*** Task inputs ***
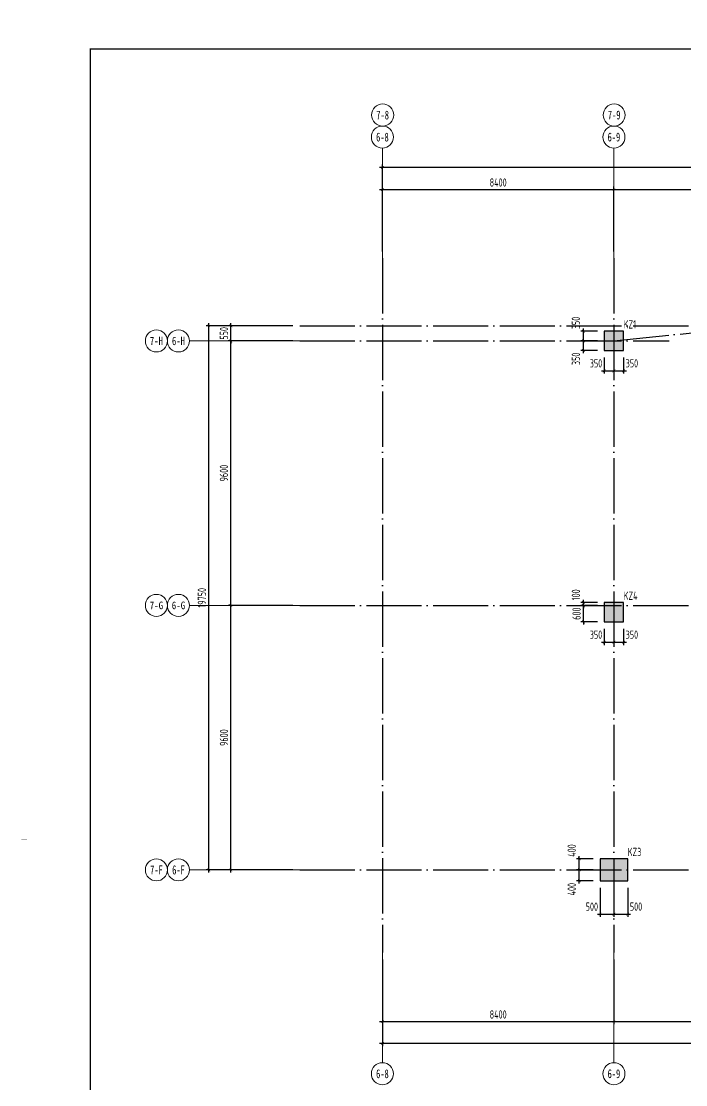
# Model space of a CAD drawing. Header units: millimetres. Extents: x -202076 to 1082610, y -439651 to 179350.
# Drawn here: x 89440 to 113548, y -207881 to -169278 of the extents above; entities that cross this region are included whole.
import ezdxf
from ezdxf.enums import TextEntityAlignment as Align

# ---------------------------------------------------------------- set-up
doc = ezdxf.new("R2010")
doc.units = ezdxf.units.MM
doc.header["$LTSCALE"] = 1000
doc.linetypes.add('DOTE', pattern=[2.42, 2, -0.2, 0.02, -0.2])
for name, color, linetype in [('02-TEXT_轴号', 7, 'Continuous'), ('A_AXIS-轴线', 36, 'DOTE'), ('AXIS_TEXT', 7, 'Continuous'), ('COLU', 5, 'Continuous')]:
    doc.layers.add(name, color=color, linetype=linetype)
for name, color, linetype, lineweight in [('COLU_TEXT', 6, 'Continuous', 0), ('DIM', 3, 'Continuous', 0), ('边缘构件填充', 253, 'Continuous', 18)]:
    doc.layers.add(name, color=color, linetype=linetype, lineweight=lineweight)
doc.styles.add('_TCH_AXIS', font='STXIHEI.TTF', dxfattribs={"width": 0.75})
doc.styles.add('COMPLEX', font='COMPLEX')
doc.styles.add('TSSD_Dimension', font='tssdeng.shx', dxfattribs={"width": 0.7, "bigfont": 'hztxt.shx'})
doc.styles.add('TSSD_Rein', font='tssdeng.shx', dxfattribs={"width": 0.7, "bigfont": 'hztxt.shx'})
doc.dimstyles.new('TSSD_100_100', dxfattribs={"dimtxt": 300, "dimasz": 100, "dimexe": 100, "dimexo": 250, "dimgap": 100, "dimtad": 1, "dimdec": 0, "dimzin": 0, "dimdsep": 46, "dimtxsty": 'TSSD_Dimension', "dimblk": 'ARCHTICK', "dimcen": 0, "dimdle": 100, "dimclrt": 7, "dimadec": 0, "dimazin": 0, "dimtfac": 1, "dimtdec": 0, "dimtix": 1, "dimtmove": 2, "dimatfit": 3, "dimfxl": 1, "dimtolj": 1, "dimtzin": 0, "dimarcsym": 0})

# ---------------------------------------------------------------- blocks, each defined once
blk = doc.blocks.new('_AXISO')
blk.add_circle((0, 0), 0.5)
at = {"layer": 'AXIS_TEXT', "style": 'COMPLEX', "width": 1.041667}
blk.add_attdef('A', text='', height=0.56, dxfattribs=at).set_placement((-0.25, -0.28), (0.25, -0.28), align=Align.FIT)
blk = doc.blocks.new('_ARCHTICK')
at = {"color": 0, "linetype": 'ByBlock', "const_width": 0.15}
blk.add_lwpolyline([(-0.5, -0.5), (0.5, 0.5)], dxfattribs=at)
blk = doc.blocks.new('*D910')
at = {"layer": 'Defpoints', "color": 0, "transparency": 16777216}
for p in [(97043, -190481), (99543, -190481), (99543, -200081)]:
    blk.add_point(p, dxfattribs=at)
at = {"layer": 'DIM', "color": 0, "lineweight": -2, "transparency": 16777216}
for p, q in [((99293, -190481), (96943, -190481)), ((97043, -200181), (97043, -190381)), ((99293, -200081), (96943, -200081))]:
    blk.add_line(p, q, dxfattribs=at)
at = {"layer": 'DIM', "color": 0, "lineweight": -2, "transparency": 16777216, "xscale": 100, "yscale": 100, "zscale": 100}
for p, rotation in [((97043, -190481), 90), ((97043, -200081), 270)]:
    blk.add_blockref('_ARCHTICK', p, dxfattribs=dict(at, rotation=rotation))
at = {"layer": 'DIM', "color": 7, "transparency": 16777216, "insert": (96793, -195281), "char_height": 300, "attachment_point": 5, "rotation": 90, "style": 'TSSD_Dimension'}
blk.add_mtext('\\A1;9600', dxfattribs=at)
blk = doc.blocks.new('*D911')
at = {"layer": 'Defpoints', "color": 0, "transparency": 16777216}
for p in [(97043, -180881), (99543, -180881), (99543, -190481)]:
    blk.add_point(p, dxfattribs=at)
at = {"layer": 'DIM', "color": 0, "lineweight": -2, "transparency": 16777216}
for p, q in [((99293, -180881), (96943, -180881)), ((97043, -190581), (97043, -180781)), ((99293, -190481), (96943, -190481))]:
    blk.add_line(p, q, dxfattribs=at)
at = {"layer": 'DIM', "color": 0, "lineweight": -2, "transparency": 16777216, "xscale": 100, "yscale": 100, "zscale": 100}
for p, rotation in [((97043, -180881), 90), ((97043, -190481), 270)]:
    blk.add_blockref('_ARCHTICK', p, dxfattribs=dict(at, rotation=rotation))
at = {"layer": 'DIM', "color": 7, "transparency": 16777216, "insert": (96793, -185681), "char_height": 300, "attachment_point": 5, "rotation": 90, "style": 'TSSD_Dimension'}
blk.add_mtext('\\A1;9600', dxfattribs=at)
blk = doc.blocks.new('*D912')
at = {"layer": 'Defpoints', "color": 0, "transparency": 16777216}
for p in [(97043, -180331), (99543, -180331), (99543, -180881)]:
    blk.add_point(p, dxfattribs=at)
at = {"layer": 'DIM', "color": 0, "lineweight": -2, "transparency": 16777216}
for p, q in [((97043, -180331), (97043, -180231)), ((99293, -180331), (96943, -180331)), ((97043, -180881), (97043, -180331)), ((99293, -180881), (96943, -180881)), ((97043, -180881), (97043, -180981))]:
    blk.add_line(p, q, dxfattribs=at)
at = {"layer": 'DIM', "color": 0, "lineweight": -2, "transparency": 16777216, "xscale": 100, "yscale": 100, "zscale": 100}
for p, rotation in [((97043, -180331), 270), ((97043, -180881), 90)]:
    blk.add_blockref('_ARCHTICK', p, dxfattribs=dict(at, rotation=rotation))
at = {"layer": 'DIM', "color": 7, "transparency": 16777216, "insert": (96793, -180606), "char_height": 300, "attachment_point": 5, "rotation": 90, "style": 'TSSD_Dimension'}
blk.add_mtext('\\A1;550', dxfattribs=at)
blk = doc.blocks.new('*D913')
at = {"layer": 'Defpoints', "color": 0, "transparency": 16777216}
for p in [(96243, -180331), (99543, -180331), (99543, -200081)]:
    blk.add_point(p, dxfattribs=at)
at = {"layer": 'DIM', "color": 0, "lineweight": -2, "transparency": 16777216}
for p, q in [((96243, -200181), (96243, -180231)), ((99293, -180331), (96143, -180331)), ((99293, -200081), (96143, -200081))]:
    blk.add_line(p, q, dxfattribs=at)
at = {"layer": 'DIM', "color": 0, "lineweight": -2, "transparency": 16777216, "xscale": 100, "yscale": 100, "zscale": 100}
for p, rotation in [((96243, -180331), 90), ((96243, -200081), 270)]:
    blk.add_blockref('_ARCHTICK', p, dxfattribs=dict(at, rotation=rotation))
at = {"layer": 'DIM', "color": 7, "transparency": 16777216, "insert": (95993, -190206), "char_height": 300, "attachment_point": 5, "rotation": 90, "style": 'TSSD_Dimension'}
blk.add_mtext('\\A1;19750', dxfattribs=at)
blk = doc.blocks.new('*D918')
at = {"layer": 'Defpoints', "color": 0, "transparency": 16777216}
for p in [(102543, -203081), (110943, -203081), (110943, -205581)]:
    blk.add_point(p, dxfattribs=at)
at = {"layer": 'DIM', "color": 0, "lineweight": -2, "transparency": 16777216}
for p, q in [((102543, -203331), (102543, -205681)), ((110943, -203331), (110943, -205681)), ((102443, -205581), (111043, -205581))]:
    blk.add_line(p, q, dxfattribs=at)
at = {"layer": 'DIM', "color": 0, "lineweight": -2, "transparency": 16777216, "xscale": 100, "yscale": 100, "zscale": 100, "rotation": 180}
blk.add_blockref('_ARCHTICK', (102543, -205581), dxfattribs=at)
at = {"layer": 'DIM', "color": 0, "lineweight": -2, "transparency": 16777216, "xscale": 100, "yscale": 100, "zscale": 100}
blk.add_blockref('_ARCHTICK', (110943, -205581), dxfattribs=at)
at = {"layer": 'DIM', "color": 7, "transparency": 16777216, "insert": (106743, -205331), "char_height": 300, "attachment_point": 5, "style": 'TSSD_Dimension'}
blk.add_mtext('\\A1;8400', dxfattribs=at)
blk = doc.blocks.new('*D919')
at = {"layer": 'Defpoints', "color": 0, "transparency": 16777216}
for p in [(110943, -203081), (119343, -203081), (119343, -205581)]:
    blk.add_point(p, dxfattribs=at)
at = {"layer": 'DIM', "color": 0, "lineweight": -2, "transparency": 16777216}
for p, q in [((110943, -203331), (110943, -205681)), ((119343, -203331), (119343, -205681)), ((110843, -205581), (119443, -205581))]:
    blk.add_line(p, q, dxfattribs=at)
at = {"layer": 'DIM', "color": 0, "lineweight": -2, "transparency": 16777216, "xscale": 100, "yscale": 100, "zscale": 100, "rotation": 180}
blk.add_blockref('_ARCHTICK', (110943, -205581), dxfattribs=at)
at = {"layer": 'DIM', "color": 0, "lineweight": -2, "transparency": 16777216, "xscale": 100, "yscale": 100, "zscale": 100}
blk.add_blockref('_ARCHTICK', (119343, -205581), dxfattribs=at)
at = {"layer": 'DIM', "color": 7, "transparency": 16777216, "insert": (115143, -205331), "char_height": 300, "attachment_point": 5, "style": 'TSSD_Dimension'}
blk.add_mtext('\\A1;8400', dxfattribs=at)
blk = doc.blocks.new('*D924')
at = {"layer": 'Defpoints', "color": 0, "transparency": 16777216}
for p in [(102543, -203081), (152943, -203081), (102543, -206381)]:
    blk.add_point(p, dxfattribs=at)
at = {"layer": 'DIM', "color": 0, "lineweight": -2, "transparency": 16777216}
for p, q in [((102543, -203331), (102543, -206481)), ((152943, -203331), (152943, -206481)), ((153043, -206381), (102443, -206381))]:
    blk.add_line(p, q, dxfattribs=at)
at = {"layer": 'DIM', "color": 0, "lineweight": -2, "transparency": 16777216, "xscale": 100, "yscale": 100, "zscale": 100, "rotation": 180}
blk.add_blockref('_ARCHTICK', (102543, -206381), dxfattribs=at)
at = {"layer": 'DIM', "color": 0, "lineweight": -2, "transparency": 16777216, "xscale": 100, "yscale": 100, "zscale": 100}
blk.add_blockref('_ARCHTICK', (152943, -206381), dxfattribs=at)
at = {"layer": 'DIM', "color": 7, "transparency": 16777216, "insert": (127743, -206131), "char_height": 300, "attachment_point": 5, "style": 'TSSD_Dimension'}
blk.add_mtext('\\A1;50400', dxfattribs=at)
blk = doc.blocks.new('*D925')
at = {"layer": 'Defpoints', "color": 0, "transparency": 16777216}
for p in [(110943, -175381), (102543, -177881), (110943, -177881)]:
    blk.add_point(p, dxfattribs=at)
at = {"layer": 'DIM', "color": 0, "lineweight": -2, "transparency": 16777216}
for p, q in [((102443, -175381), (111043, -175381)), ((102543, -177631), (102543, -175281)), ((110943, -177631), (110943, -175281))]:
    blk.add_line(p, q, dxfattribs=at)
at = {"layer": 'DIM', "color": 0, "lineweight": -2, "transparency": 16777216, "xscale": 100, "yscale": 100, "zscale": 100, "rotation": 180}
blk.add_blockref('_ARCHTICK', (102543, -175381), dxfattribs=at)
at = {"layer": 'DIM', "color": 0, "lineweight": -2, "transparency": 16777216, "xscale": 100, "yscale": 100, "zscale": 100}
blk.add_blockref('_ARCHTICK', (110943, -175381), dxfattribs=at)
at = {"layer": 'DIM', "color": 7, "transparency": 16777216, "insert": (106743, -175131), "char_height": 300, "attachment_point": 5, "style": 'TSSD_Dimension'}
blk.add_mtext('\\A1;8400', dxfattribs=at)
blk = doc.blocks.new('*D926')
at = {"layer": 'Defpoints', "color": 0, "transparency": 16777216}
for p in [(119343, -175381), (110943, -177881), (119343, -177881)]:
    blk.add_point(p, dxfattribs=at)
at = {"layer": 'DIM', "color": 0, "lineweight": -2, "transparency": 16777216}
for p, q in [((110843, -175381), (119443, -175381)), ((110943, -177631), (110943, -175281)), ((119343, -177631), (119343, -175281))]:
    blk.add_line(p, q, dxfattribs=at)
at = {"layer": 'DIM', "color": 0, "lineweight": -2, "transparency": 16777216, "xscale": 100, "yscale": 100, "zscale": 100, "rotation": 180}
blk.add_blockref('_ARCHTICK', (110943, -175381), dxfattribs=at)
at = {"layer": 'DIM', "color": 0, "lineweight": -2, "transparency": 16777216, "xscale": 100, "yscale": 100, "zscale": 100}
blk.add_blockref('_ARCHTICK', (119343, -175381), dxfattribs=at)
at = {"layer": 'DIM', "color": 7, "transparency": 16777216, "insert": (115143, -175131), "char_height": 300, "attachment_point": 5, "style": 'TSSD_Dimension'}
blk.add_mtext('\\A1;8400', dxfattribs=at)
blk = doc.blocks.new('*D931')
at = {"layer": 'Defpoints', "color": 0, "transparency": 16777216}
for p in [(102543, -174581), (102543, -177881), (152943, -177881)]:
    blk.add_point(p, dxfattribs=at)
at = {"layer": 'DIM', "color": 0, "lineweight": -2, "transparency": 16777216}
for p, q in [((102543, -177631), (102543, -174481)), ((152943, -177631), (152943, -174481)), ((153043, -174581), (102443, -174581))]:
    blk.add_line(p, q, dxfattribs=at)
at = {"layer": 'DIM', "color": 0, "lineweight": -2, "transparency": 16777216, "xscale": 100, "yscale": 100, "zscale": 100, "rotation": 180}
blk.add_blockref('_ARCHTICK', (102543, -174581), dxfattribs=at)
at = {"layer": 'DIM', "color": 0, "lineweight": -2, "transparency": 16777216, "xscale": 100, "yscale": 100, "zscale": 100}
blk.add_blockref('_ARCHTICK', (152943, -174581), dxfattribs=at)
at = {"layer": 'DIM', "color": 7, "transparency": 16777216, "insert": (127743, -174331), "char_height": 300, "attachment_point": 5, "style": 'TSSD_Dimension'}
*** End of Task inputs ***
Please show the lines in the entries above that hold the string "name".

* **The answer**
for name, color, linetype in [('02-TEXT_轴号', 7, 'Continuous'), ('A_AXIS-轴线', 36, 'DOTE'), ('AXIS_TEXT', 7, 'Continuous'), ('COLU', 5, 'Continuous')]:
    doc.layers.add(name, color=color, linetype=linetype)
for name, color, linetype, lineweight in [('COLU_TEXT', 6, 'Continuous', 0), ('DIM', 3, 'Continuous', 0), ('边缘构件填充', 253, 'Continuous', 18)]:
    doc.layers.add(name, color=color, linetype=linetype, lineweight=lineweight)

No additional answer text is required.